● **What the task asks**
Please copy every line from the records below that contains the string "units".

[Extracted data entries]
*** Block opens ***

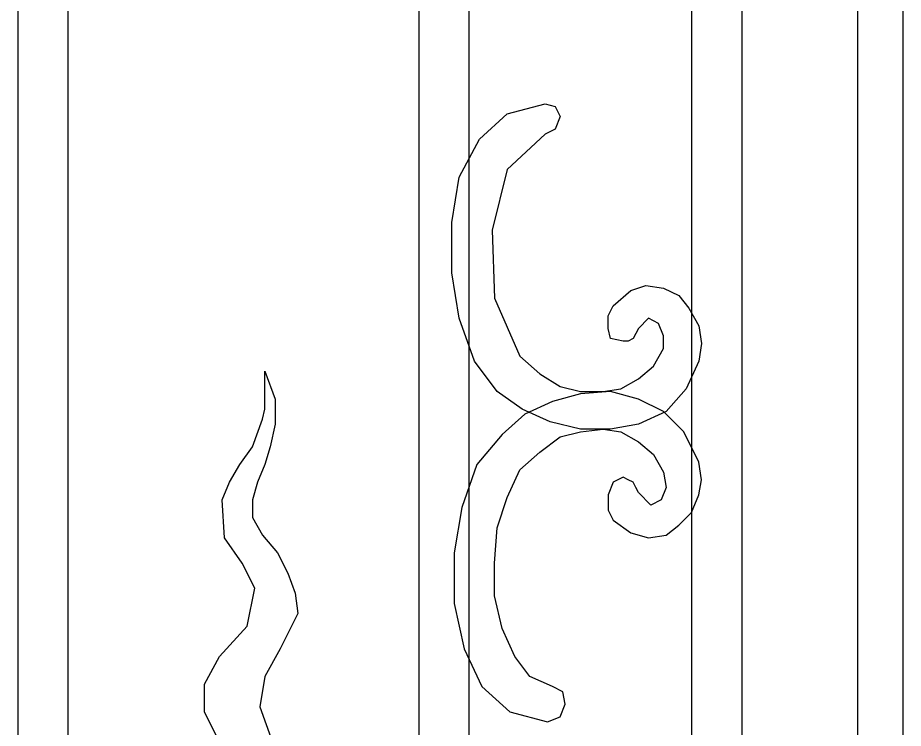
# Model space of a CAD drawing. Header units: centimetres. Extents: x -55 to 55, y -47 to 50.
# Drawn here: x 27.88 to 53.38, y 7.69 to 28.15 of the extents above; entities that cross this region are included whole.
import ezdxf

# ---------------------------------------------------------------- set-up
doc = ezdxf.new("R2010")
doc.units = ezdxf.units.CM
doc.header["$MEASUREMENT"] = 0
doc.layers.add('layer 1', color=7, linetype='Continuous')

msp = doc.modelspace()

# ---------------------------------------------------------------- linework, layer by layer
at = {"layer": 'layer 1', "color": 108}
for points, knots in [([(47.27987, 42.81465), (47.27987, 42.81465), (53.38247, 42.81465), (53.38247, 42.81465), (53.38247, 42.81465), (53.38247, 42.81465), (53.38247, -42.69443), (53.38247, -42.69443), (53.38247, -42.69443), (53.38247, -42.69443), (47.27987, -42.69443), (47.27987, -42.69443), (47.27987, -42.69443), (47.27987, -42.69443), (47.27987, 42.81465), (47.27987, 42.81465)], [0, 0, 0, 0, 0.25, 0.25, 0.25, 0.25, 0.5, 0.5, 0.5, 0.5, 0.75, 0.75, 0.75, 0.75, 1, 1, 1, 1]), ([(27.88232, -43.49358), (27.88232, -43.49358), (27.88232, 36.6394), (27.88232, 36.6394), (27.88232, 36.6394), (27.88232, 36.6394), (29.33532, 36.7847), (29.33532, 36.7847), (29.33532, 36.7847), (29.33532, 36.7847), (29.33532, -43.34828), (29.33532, -43.34828), (29.33532, -43.34828), (29.33532, -43.34828), (27.88232, -43.49358), (27.88232, -43.49358)], [0, 0, 0, 0, 0.25, 0.25, 0.25, 0.25, 0.5, 0.5, 0.5, 0.5, 0.75, 0.75, 0.75, 0.75, 1, 1, 1, 1]), ([(39.43367, -43.49358), (39.43367, -43.49358), (39.43367, 36.6394), (39.43367, 36.6394), (39.43367, 36.6394), (39.43367, 36.6394), (40.88667, 36.7847), (40.88667, 36.7847), (40.88667, 36.7847), (40.88667, 36.7847), (40.88667, -43.34828), (40.88667, -43.34828), (40.88667, -43.34828), (40.88667, -43.34828), (39.43367, -43.49358), (39.43367, -43.49358)], [0, 0, 0, 0, 0.25, 0.25, 0.25, 0.25, 0.5, 0.5, 0.5, 0.5, 0.75, 0.75, 0.75, 0.75, 1, 1, 1, 1]), ([(45.75422, 19.20339), (45.75422, 19.20339), (46.04482, 19.49399), (46.04482, 19.49399), (46.04482, 19.49399), (46.04482, 19.49399), (46.33542, 19.34869), (46.33542, 19.34869), (46.33542, 19.34869), (46.33542, 19.34869), (46.48072, 18.98544), (46.48072, 18.98544), (46.48072, 18.98544), (46.48072, 18.98544), (46.48072, 18.62219), (46.48072, 18.62219), (46.48072, 18.62219), (46.48072, 18.62219), (46.19012, 18.11364), (46.19012, 18.11364), (46.19012, 18.11364), (46.19012, 18.11364), (45.75422, 17.75039), (45.75422, 17.75039), (45.75422, 17.75039), (45.75422, 17.75039), (45.24567, 17.45979), (45.24567, 17.45979), (45.24567, 17.45979), (45.24567, 17.45979), (44.73712, 17.38714), (44.73712, 17.38714), (44.73712, 17.38714), (44.73712, 17.38714), (44.08327, 17.38714), (44.08327, 17.38714), (44.08327, 17.38714), (44.08327, 17.38714), (43.50207, 17.53244), (43.50207, 17.53244), (43.50207, 17.53244), (43.50207, 17.53244), (42.92087, 17.89569), (42.92087, 17.89569), (42.92087, 17.89569), (42.92087, 17.89569), (42.33967, 18.40424), (42.33967, 18.40424), (42.33967, 18.40424), (42.33967, 18.40424), (41.61317, 20.0752), (41.61317, 20.0752), (41.61317, 20.0752), (41.61317, 20.0752), (41.54052, 22.03675), (41.54052, 22.03675), (41.54052, 22.03675), (41.54052, 22.03675), (41.97642, 23.78035), (41.97642, 23.78035), (41.97642, 23.78035), (41.97642, 23.78035), (43.06617, 24.79745), (43.06617, 24.79745), (43.06617, 24.79745), (43.06617, 24.79745), (43.35677, 24.94275), (43.35677, 24.94275), (43.35677, 24.94275), (43.35677, 24.94275), (43.50207, 25.306), (43.50207, 25.306), (43.50207, 25.306), (43.50207, 25.306), (43.35677, 25.5966), (43.35677, 25.5966), (43.35677, 25.5966), (43.35677, 25.5966), (43.06617, 25.66925), (43.06617, 25.66925), (43.06617, 25.66925), (43.06617, 25.66925), (41.97642, 25.37865), (41.97642, 25.37865), (41.97642, 25.37865), (41.97642, 25.37865), (41.17727, 24.65215), (41.17727, 24.65215), (41.17727, 24.65215), (41.17727, 24.65215), (40.59607, 23.5624), (40.59607, 23.5624), (40.59607, 23.5624), (40.59607, 23.5624), (40.37812, 22.2547), (40.37812, 22.2547), (40.37812, 22.2547), (40.37812, 22.2547), (40.37812, 20.8017), (40.37812, 20.8017), (40.37812, 20.8017), (40.37812, 20.8017), (40.59607, 19.49399), (40.59607, 19.49399), (40.59607, 19.49399), (40.59607, 19.49399), (41.03197, 18.25894), (41.03197, 18.25894), (41.03197, 18.25894), (41.03197, 18.25894), (41.68582, 17.38714), (41.68582, 17.38714), (41.68582, 17.38714), (41.68582, 17.38714), (42.41232, 16.87859), (42.41232, 16.87859), (42.41232, 16.87859), (42.41232, 16.87859), (43.21147, 16.51534), (43.21147, 16.51534), (43.21147, 16.51534), (43.21147, 16.51534), (44.08327, 16.29739), (44.08327, 16.29739), (44.08327, 16.29739), (44.08327, 16.29739), (44.95507, 16.29739), (44.95507, 16.29739), (44.95507, 16.29739), (44.95507, 16.29739), (45.75422, 16.44269), (45.75422, 16.44269), (45.75422, 16.44269), (45.75422, 16.44269), (46.55337, 16.80594), (46.55337, 16.80594), (46.55337, 16.80594), (46.55337, 16.80594), (47.13457, 17.45979), (47.13457, 17.45979), (47.13457, 17.45979), (47.13457, 17.45979), (47.49782, 18.25894), (47.49782, 18.25894), (47.49782, 18.25894), (47.49782, 18.25894), (47.57047, 18.76749), (47.57047, 18.76749), (47.57047, 18.76749), (47.57047, 18.76749), (47.49782, 19.27604), (47.49782, 19.27604), (47.49782, 19.27604), (47.49782, 19.27604), (47.20722, 19.7846), (47.20722, 19.7846), (47.20722, 19.7846), (47.20722, 19.7846), (46.91662, 20.14785), (46.91662, 20.14785), (46.91662, 20.14785), (46.91662, 20.14785), (46.48072, 20.3658), (46.48072, 20.3658), (46.48072, 20.3658), (46.48072, 20.3658), (45.97217, 20.43845), (45.97217, 20.43845), (45.97217, 20.43845), (45.97217, 20.43845), (45.53627, 20.29315), (45.53627, 20.29315), (45.53627, 20.29315), (45.53627, 20.29315), (45.02772, 19.85725), (45.02772, 19.85725), (45.02772, 19.85725), (45.02772, 19.85725), (44.88242, 19.56664), (44.88242, 19.56664), (44.88242, 19.56664), (44.88242, 19.56664), (44.88242, 19.20339), (44.88242, 19.20339), (44.88242, 19.20339), (44.88242, 19.20339), (44.95507, 18.91279), (44.95507, 18.91279), (44.95507, 18.91279), (44.95507, 18.91279), (45.31832, 18.84014), (45.31832, 18.84014), (45.31832, 18.84014), (45.31832, 18.84014), (45.46362, 18.84014), (45.46362, 18.84014), (45.46362, 18.84014), (45.46362, 18.84014), (45.60892, 18.91279), (45.60892, 18.91279), (45.60892, 18.91279), (45.60892, 18.91279), (45.68157, 19.05809), (45.68157, 19.05809), (45.68157, 19.05809), (45.68157, 19.05809), (45.75422, 19.20339), (45.75422, 19.20339)], [0, 0, 0, 0, 0.01923077, 0.01923077, 0.01923077, 0.01923077, 0.03846154, 0.03846154, 0.03846154, 0.03846154, 0.05769231, 0.05769231, 0.05769231, 0.05769231, 0.07692308, 0.07692308, 0.07692308, 0.07692308, 0.09615385, 0.09615385, 0.09615385, 0.09615385, 0.11538462, 0.11538462, 0.11538462, 0.11538462, 0.13461538, 0.13461538, 0.13461538, 0.13461538, 0.15384615, 0.15384615, 0.15384615, 0.15384615, 0.17307692, 0.17307692, 0.17307692, 0.17307692, 0.19230769, 0.19230769, 0.19230769, 0.19230769, 0.21153846, 0.21153846, 0.21153846, 0.21153846, 0.23076923, 0.23076923, 0.23076923, 0.23076923, 0.25, 0.25, 0.25, 0.25, 0.26923077, 0.26923077, 0.26923077, 0.26923077, 0.28846154, 0.28846154, 0.28846154, 0.28846154, 0.30769231, 0.30769231, 0.30769231, 0.30769231, 0.32692308, 0.32692308, 0.32692308, 0.32692308, 0.34615385, 0.34615385, 0.34615385, 0.34615385, 0.36538462, 0.36538462, 0.36538462, 0.36538462, 0.38461538, 0.38461538, 0.38461538, 0.38461538, 0.40384615, 0.40384615, 0.40384615, 0.40384615, 0.42307692, 0.42307692, 0.42307692, 0.42307692, 0.44230769, 0.44230769, 0.44230769, 0.44230769, 0.46153846, 0.46153846, 0.46153846, 0.46153846, 0.48076923, 0.48076923, 0.48076923, 0.48076923, 0.5, 0.5, 0.5, 0.5, 0.51923077, 0.51923077, 0.51923077, 0.51923077, 0.53846154, 0.53846154, 0.53846154, 0.53846154, 0.55769231, 0.55769231, 0.55769231, 0.55769231, 0.57692308, 0.57692308, 0.57692308, 0.57692308, 0.59615385, 0.59615385, 0.59615385, 0.59615385, 0.61538462, 0.61538462, 0.61538462, 0.61538462, 0.63461538, 0.63461538, 0.63461538, 0.63461538, 0.65384615, 0.65384615, 0.65384615, 0.65384615, 0.67307692, 0.67307692, 0.67307692, 0.67307692, 0.69230769, 0.69230769, 0.69230769, 0.69230769, 0.71153846, 0.71153846, 0.71153846, 0.71153846, 0.73076923, 0.73076923, 0.73076923, 0.73076923, 0.75, 0.75, 0.75, 0.75, 0.76923077, 0.76923077, 0.76923077, 0.76923077, 0.78846154, 0.78846154, 0.78846154, 0.78846154, 0.80769231, 0.80769231, 0.80769231, 0.80769231, 0.82692308, 0.82692308, 0.82692308, 0.82692308, 0.84615385, 0.84615385, 0.84615385, 0.84615385, 0.86538462, 0.86538462, 0.86538462, 0.86538462, 0.88461538, 0.88461538, 0.88461538, 0.88461538, 0.90384615, 0.90384615, 0.90384615, 0.90384615, 0.92307692, 0.92307692, 0.92307692, 0.92307692, 0.94230769, 0.94230769, 0.94230769, 0.94230769, 0.96153846, 0.96153846, 0.96153846, 0.96153846, 0.98076923, 0.98076923, 0.98076923, 0.98076923, 1, 1, 1, 1]), ([(35.94647, 10.99394), (35.94647, 10.99394), (35.87382, 11.57514), (35.87382, 11.57514), (35.87382, 11.57514), (35.87382, 11.57514), (35.65587, 12.15634), (35.65587, 12.15634), (35.65587, 12.15634), (35.65587, 12.15634), (35.36527, 12.73754), (35.36527, 12.73754), (35.36527, 12.73754), (35.36527, 12.73754), (34.92937, 13.24609), (34.92937, 13.24609), (34.92937, 13.24609), (34.92937, 13.24609), (34.63877, 13.75464), (34.63877, 13.75464), (34.63877, 13.75464), (34.63877, 13.75464), (34.63877, 14.26319), (34.63877, 14.26319), (34.63877, 14.26319), (34.63877, 14.26319), (34.78407, 14.77174), (34.78407, 14.77174), (34.78407, 14.77174), (34.78407, 14.77174), (35.00202, 15.28029), (35.00202, 15.28029), (35.00202, 15.28029), (35.00202, 15.28029), (35.14732, 15.78884), (35.14732, 15.78884), (35.14732, 15.78884), (35.14732, 15.78884), (35.29262, 16.44269), (35.29262, 16.44269), (35.29262, 16.44269), (35.29262, 16.44269), (35.29262, 17.16919), (35.29262, 17.16919), (35.29262, 17.16919), (35.29262, 17.16919), (35.00202, 17.96834), (35.00202, 17.96834), (35.00202, 17.96834), (35.00202, 17.96834), (35.00202, 17.53244), (35.00202, 17.53244), (35.00202, 17.53244), (35.00202, 17.53244), (35.00202, 17.16919), (35.00202, 17.16919), (35.00202, 17.16919), (35.00202, 17.16919), (35.00202, 16.87859), (35.00202, 16.87859), (35.00202, 16.87859), (35.00202, 16.87859), (34.92937, 16.58799), (34.92937, 16.58799), (34.92937, 16.58799), (34.92937, 16.58799), (34.63877, 15.78884), (34.63877, 15.78884), (34.63877, 15.78884), (34.63877, 15.78884), (34.27552, 15.28029), (34.27552, 15.28029), (34.27552, 15.28029), (34.27552, 15.28029), (33.98492, 14.77174), (33.98492, 14.77174), (33.98492, 14.77174), (33.98492, 14.77174), (33.76697, 14.26319), (33.76697, 14.26319), (33.76697, 14.26319), (33.76697, 14.26319), (33.83962, 13.17344), (33.83962, 13.17344), (33.83962, 13.17344), (33.83962, 13.17344), (34.34817, 12.44694), (34.34817, 12.44694), (34.34817, 12.44694), (34.34817, 12.44694), (34.71142, 11.72044), (34.71142, 11.72044), (34.71142, 11.72044), (34.71142, 11.72044), (34.49347, 10.63069), (34.49347, 10.63069), (34.49347, 10.63069), (34.49347, 10.63069), (33.69432, 9.75889), (33.69432, 9.75889), (33.69432, 9.75889), (33.69432, 9.75889), (33.25842, 8.95974), (33.25842, 8.95974), (33.25842, 8.95974), (33.25842, 8.95974), (33.25842, 8.16059), (33.25842, 8.16059), (33.25842, 8.16059), (33.25842, 8.16059), (33.69432, 7.28879), (33.69432, 7.28879), (33.69432, 7.28879), (33.69432, 7.28879), (33.98492, 7.21614), (33.98492, 7.21614), (33.98492, 7.21614), (33.98492, 7.21614), (34.49347, 7.14349), (34.49347, 7.14349), (34.49347, 7.14349), (34.49347, 7.14349), (35.00202, 7.14349), (35.00202, 7.14349), (35.00202, 7.14349), (35.00202, 7.14349), (35.21997, 7.28879), (35.21997, 7.28879), (35.21997, 7.28879), (35.21997, 7.28879), (34.85672, 8.30589), (34.85672, 8.30589), (34.85672, 8.30589), (34.85672, 8.30589), (35.00202, 9.17769), (35.00202, 9.17769), (35.00202, 9.17769), (35.00202, 9.17769), (35.43792, 9.97684), (35.43792, 9.97684), (35.43792, 9.97684), (35.43792, 9.97684), (35.94647, 10.99394), (35.94647, 10.99394)], [0, 0, 0, 0, 0.02777778, 0.02777778, 0.02777778, 0.02777778, 0.05555556, 0.05555556, 0.05555556, 0.05555556, 0.08333333, 0.08333333, 0.08333333, 0.08333333, 0.11111111, 0.11111111, 0.11111111, 0.11111111, 0.13888889, 0.13888889, 0.13888889, 0.13888889, 0.16666667, 0.16666667, 0.16666667, 0.16666667, 0.19444444, 0.19444444, 0.19444444, 0.19444444, 0.22222222, 0.22222222, 0.22222222, 0.22222222, 0.25, 0.25, 0.25, 0.25, 0.27777778, 0.27777778, 0.27777778, 0.27777778, 0.30555556, 0.30555556, 0.30555556, 0.30555556, 0.33333333, 0.33333333, 0.33333333, 0.33333333, 0.36111111, 0.36111111, 0.36111111, 0.36111111, 0.38888889, 0.38888889, 0.38888889, 0.38888889, 0.41666667, 0.41666667, 0.41666667, 0.41666667, 0.44444444, 0.44444444, 0.44444444, 0.44444444, 0.47222222, 0.47222222, 0.47222222, 0.47222222, 0.5, 0.5, 0.5, 0.5, 0.52777778, 0.52777778, 0.52777778, 0.52777778, 0.55555556, 0.55555556, 0.55555556, 0.55555556, 0.58333333, 0.58333333, 0.58333333, 0.58333333, 0.61111111, 0.61111111, 0.61111111, 0.61111111, 0.63888889, 0.63888889, 0.63888889, 0.63888889, 0.66666667, 0.66666667, 0.66666667, 0.66666667, 0.69444444, 0.69444444, 0.69444444, 0.69444444, 0.72222222, 0.72222222, 0.72222222, 0.72222222, 0.75, 0.75, 0.75, 0.75, 0.77777778, 0.77777778, 0.77777778, 0.77777778, 0.80555556, 0.80555556, 0.80555556, 0.80555556, 0.83333333, 0.83333333, 0.83333333, 0.83333333, 0.86111111, 0.86111111, 0.86111111, 0.86111111, 0.88888889, 0.88888889, 0.88888889, 0.88888889, 0.91666667, 0.91666667, 0.91666667, 0.91666667, 0.94444444, 0.94444444, 0.94444444, 0.94444444, 0.97222222, 0.97222222, 0.97222222, 0.97222222, 1, 1, 1, 1]), ([(45.75422, 14.48114), (45.75422, 14.48114), (46.11747, 14.11789), (46.11747, 14.11789), (46.11747, 14.11789), (46.11747, 14.11789), (46.40807, 14.26319), (46.40807, 14.26319), (46.40807, 14.26319), (46.40807, 14.26319), (46.55337, 14.62644), (46.55337, 14.62644), (46.55337, 14.62644), (46.55337, 14.62644), (46.48072, 15.06234), (46.48072, 15.06234), (46.48072, 15.06234), (46.48072, 15.06234), (46.19012, 15.57089), (46.19012, 15.57089), (46.19012, 15.57089), (46.19012, 15.57089), (45.75422, 15.93414), (45.75422, 15.93414), (45.75422, 15.93414), (45.75422, 15.93414), (45.24567, 16.22474), (45.24567, 16.22474), (45.24567, 16.22474), (45.24567, 16.22474), (44.73712, 16.29739), (44.73712, 16.29739), (44.73712, 16.29739), (44.73712, 16.29739), (44.08327, 16.22474), (44.08327, 16.22474), (44.08327, 16.22474), (44.08327, 16.22474), (43.50207, 16.07944), (43.50207, 16.07944), (43.50207, 16.07944), (43.50207, 16.07944), (42.92087, 15.64354), (42.92087, 15.64354), (42.92087, 15.64354), (42.92087, 15.64354), (42.33967, 15.13499), (42.33967, 15.13499), (42.33967, 15.13499), (42.33967, 15.13499), (41.97642, 14.33584), (41.97642, 14.33584), (41.97642, 14.33584), (41.97642, 14.33584), (41.68582, 13.46404), (41.68582, 13.46404), (41.68582, 13.46404), (41.68582, 13.46404), (41.61317, 12.44694), (41.61317, 12.44694), (41.61317, 12.44694), (41.61317, 12.44694), (41.61317, 11.50249), (41.61317, 11.50249), (41.61317, 11.50249), (41.61317, 11.50249), (41.83112, 10.55804), (41.83112, 10.55804), (41.83112, 10.55804), (41.83112, 10.55804), (42.19437, 9.75889), (42.19437, 9.75889), (42.19437, 9.75889), (42.19437, 9.75889), (42.63027, 9.17769), (42.63027, 9.17769), (42.63027, 9.17769), (42.63027, 9.17769), (43.28412, 8.88709), (43.28412, 8.88709), (43.28412, 8.88709), (43.28412, 8.88709), (43.57472, 8.74179), (43.57472, 8.74179), (43.57472, 8.74179), (43.57472, 8.74179), (43.64737, 8.37854), (43.64737, 8.37854), (43.64737, 8.37854), (43.64737, 8.37854), (43.50207, 8.01529), (43.50207, 8.01529), (43.50207, 8.01529), (43.50207, 8.01529), (43.13882, 7.86999), (43.13882, 7.86999), (43.13882, 7.86999), (43.13882, 7.86999), (42.04907, 8.16059), (42.04907, 8.16059), (42.04907, 8.16059), (42.04907, 8.16059), (41.24992, 8.88709), (41.24992, 8.88709), (41.24992, 8.88709), (41.24992, 8.88709), (40.74137, 9.97684), (40.74137, 9.97684), (40.74137, 9.97684), (40.74137, 9.97684), (40.45077, 11.28454), (40.45077, 11.28454), (40.45077, 11.28454), (40.45077, 11.28454), (40.45077, 12.73754), (40.45077, 12.73754), (40.45077, 12.73754), (40.45077, 12.73754), (40.66872, 14.04524), (40.66872, 14.04524), (40.66872, 14.04524), (40.66872, 14.04524), (41.10462, 15.28029), (41.10462, 15.28029), (41.10462, 15.28029), (41.10462, 15.28029), (41.83112, 16.15209), (41.83112, 16.15209), (41.83112, 16.15209), (41.83112, 16.15209), (42.48497, 16.73329), (42.48497, 16.73329), (42.48497, 16.73329), (42.48497, 16.73329), (43.28412, 17.09654), (43.28412, 17.09654), (43.28412, 17.09654), (43.28412, 17.09654), (44.08327, 17.31449), (44.08327, 17.31449), (44.08327, 17.31449), (44.08327, 17.31449), (44.95507, 17.38714), (44.95507, 17.38714), (44.95507, 17.38714), (44.95507, 17.38714), (45.75422, 17.16919), (45.75422, 17.16919), (45.75422, 17.16919), (45.75422, 17.16919), (46.48072, 16.80594), (46.48072, 16.80594), (46.48072, 16.80594), (46.48072, 16.80594), (47.06192, 16.22474), (47.06192, 16.22474), (47.06192, 16.22474), (47.06192, 16.22474), (47.49782, 15.35294), (47.49782, 15.35294), (47.49782, 15.35294), (47.49782, 15.35294), (47.57047, 14.84439), (47.57047, 14.84439), (47.57047, 14.84439), (47.57047, 14.84439), (47.49782, 14.40849), (47.49782, 14.40849), (47.49782, 14.40849), (47.49782, 14.40849), (47.27987, 13.89994), (47.27987, 13.89994), (47.27987, 13.89994), (47.27987, 13.89994), (46.91662, 13.53669), (46.91662, 13.53669), (46.91662, 13.53669), (46.91662, 13.53669), (46.55337, 13.24609), (46.55337, 13.24609), (46.55337, 13.24609), (46.55337, 13.24609), (46.04482, 13.17344), (46.04482, 13.17344), (46.04482, 13.17344), (46.04482, 13.17344), (45.53627, 13.31874), (45.53627, 13.31874), (45.53627, 13.31874), (45.53627, 13.31874), (45.02772, 13.68199), (45.02772, 13.68199), (45.02772, 13.68199), (45.02772, 13.68199), (44.88242, 13.97259), (44.88242, 13.97259), (44.88242, 13.97259), (44.88242, 13.97259), (44.88242, 14.40849), (44.88242, 14.40849), (44.88242, 14.40849), (44.88242, 14.40849), (45.02772, 14.77174), (45.02772, 14.77174), (45.02772, 14.77174), (45.02772, 14.77174), (45.31832, 14.91704), (45.31832, 14.91704), (45.31832, 14.91704), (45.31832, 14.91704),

*** Block closes ***

● **Problem solution**
# Model space of a CAD drawing. Header units: centimetres. Extents: x -55 to 55, y -47 to 50.
doc.units = ezdxf.units.CM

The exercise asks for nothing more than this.